Are Intercontinental Hotels Group shares eligible for ISAs in the UK, and how are dividends taxed?

Intercontinental Hotels Group shares are eligible to be held within UK Individual Savings Accounts (ISAs), allowing investors to receive dividends and capital gains tax-free within the annual ISA limit. Outside an ISA, UK investors benefit from a dividend allowance, but amounts above this are taxed at standard dividend rates. IHG, being a UK-listed company, does not apply withholding tax on dividends paid to UK residents.

Pauline Laurore
P. Laurore
Finance expert
HelloSafe
Co-founder of HelloSafe and holder of a Master's degree in finance, Pauline has recognised expertise in personal finance, which she uses to help users better understand and optimise their financial choices.

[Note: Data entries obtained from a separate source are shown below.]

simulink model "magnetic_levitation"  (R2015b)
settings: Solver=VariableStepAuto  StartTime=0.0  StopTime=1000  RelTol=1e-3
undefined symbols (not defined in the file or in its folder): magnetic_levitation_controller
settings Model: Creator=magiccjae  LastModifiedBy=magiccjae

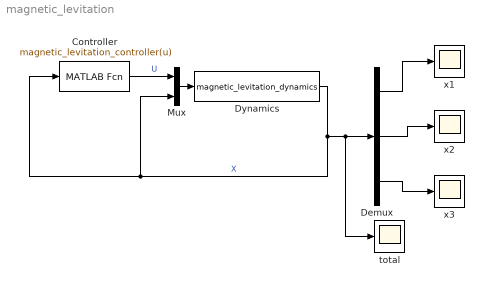
== system magnetic_levitation ==
  Controller : MATLABFcn  MATLABFcn=magnetic_levitation_controller(u)
  Demux : Demux  Outputs=3
  Dynamics : S-Function  FunctionName=magnetic_levitation_dynamics  SFunctionDeploymentMode=off  EnableBusSupport=off
  Mux : Mux  Inputs=[1 3]
  total : Scope
  x1 : Scope
  x2 : Scope
  x3 : Scope
  wires:
  Dynamics/1 -> total/1, Demux/1, Mux/2, Controller/1  "X"
  Controller/1 -> Mux/1  "U"
  Mux/1 -> Dynamics/1
  Demux/1 -> x1/1
  Demux/2 -> x2/1
  Demux/3 -> x3/1
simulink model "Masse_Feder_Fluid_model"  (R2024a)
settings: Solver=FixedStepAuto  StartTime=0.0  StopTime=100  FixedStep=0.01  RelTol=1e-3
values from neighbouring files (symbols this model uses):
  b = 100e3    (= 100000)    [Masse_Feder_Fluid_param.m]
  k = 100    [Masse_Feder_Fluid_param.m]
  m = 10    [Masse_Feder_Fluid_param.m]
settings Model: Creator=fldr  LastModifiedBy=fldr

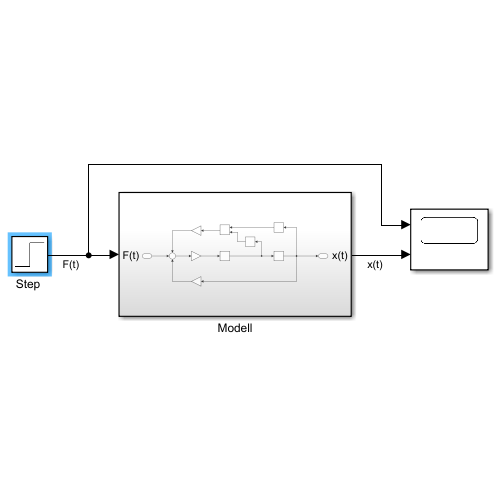
[thumbnail: Simulink's stored preview of the top-level diagram]
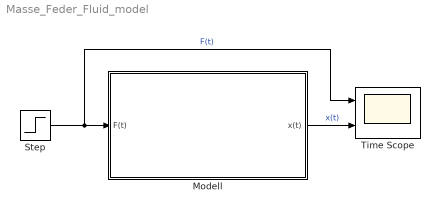
== system Masse_Feder_Fluid_model ==
  Modell : Subsystem
  "Step " : Step  Time=10  SampleTime=0
  Time Scope : Scope  NumInputPorts=2
      settings: CopyFcn=try ZHAWcbfcn('copyScope'); end  NameChangeFcn=try ZHAWcbfcn('namechangeScope'); end
  wires:
  "Step "/1 -> Time Scope/1, Modell/1(F(t))  "F(t)"
  Modell/1(x(t)) -> Time Scope/2  "x(t)"

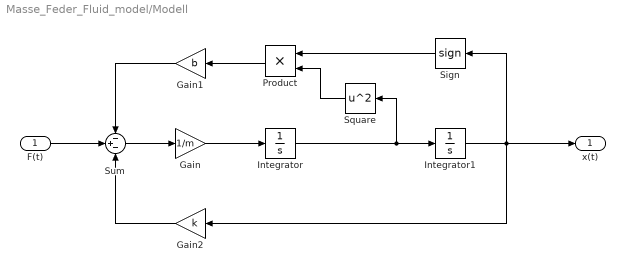
== system Masse_Feder_Fluid_model/Modell ==
  F(t) : Inport
  Gain : Gain  Gain=1/m
  Gain1 : Gain  Gain=b
  Gain2 : Gain  Gain=k
  Integrator : Integrator
  Integrator1 : Integrator
  Product : Product
  Sign : Signum
  Square : Math  Operator=square
  Sum : Sum  Inputs=-+-
  x(t) : Outport
  wires:
  Gain2/1 -> Sum/3
  Integrator/1 -> Square/1, Integrator1/1
  Sign/1 -> Product/1
  F(t)/1 -> Sum/2
  Integrator1/1 -> x(t)/1, Gain2/1, Sign/1
  Product/1 -> Gain1/1
  Square/1 -> Product/2
  Gain1/1 -> Sum/1
  Sum/1 -> Gain/1
  Gain/1 -> Integrator/1

At HelloSafe, Pauline plays a key role in designing clear, educational content on savings, investments and personal finance. Passionate about financial education, Pauline strives, with every piece of content she oversees, to provide reliable, transparent and unbiased information for independent and informed financial management. To this end, she has tested over 100 trading platforms to help internet users make the right choices.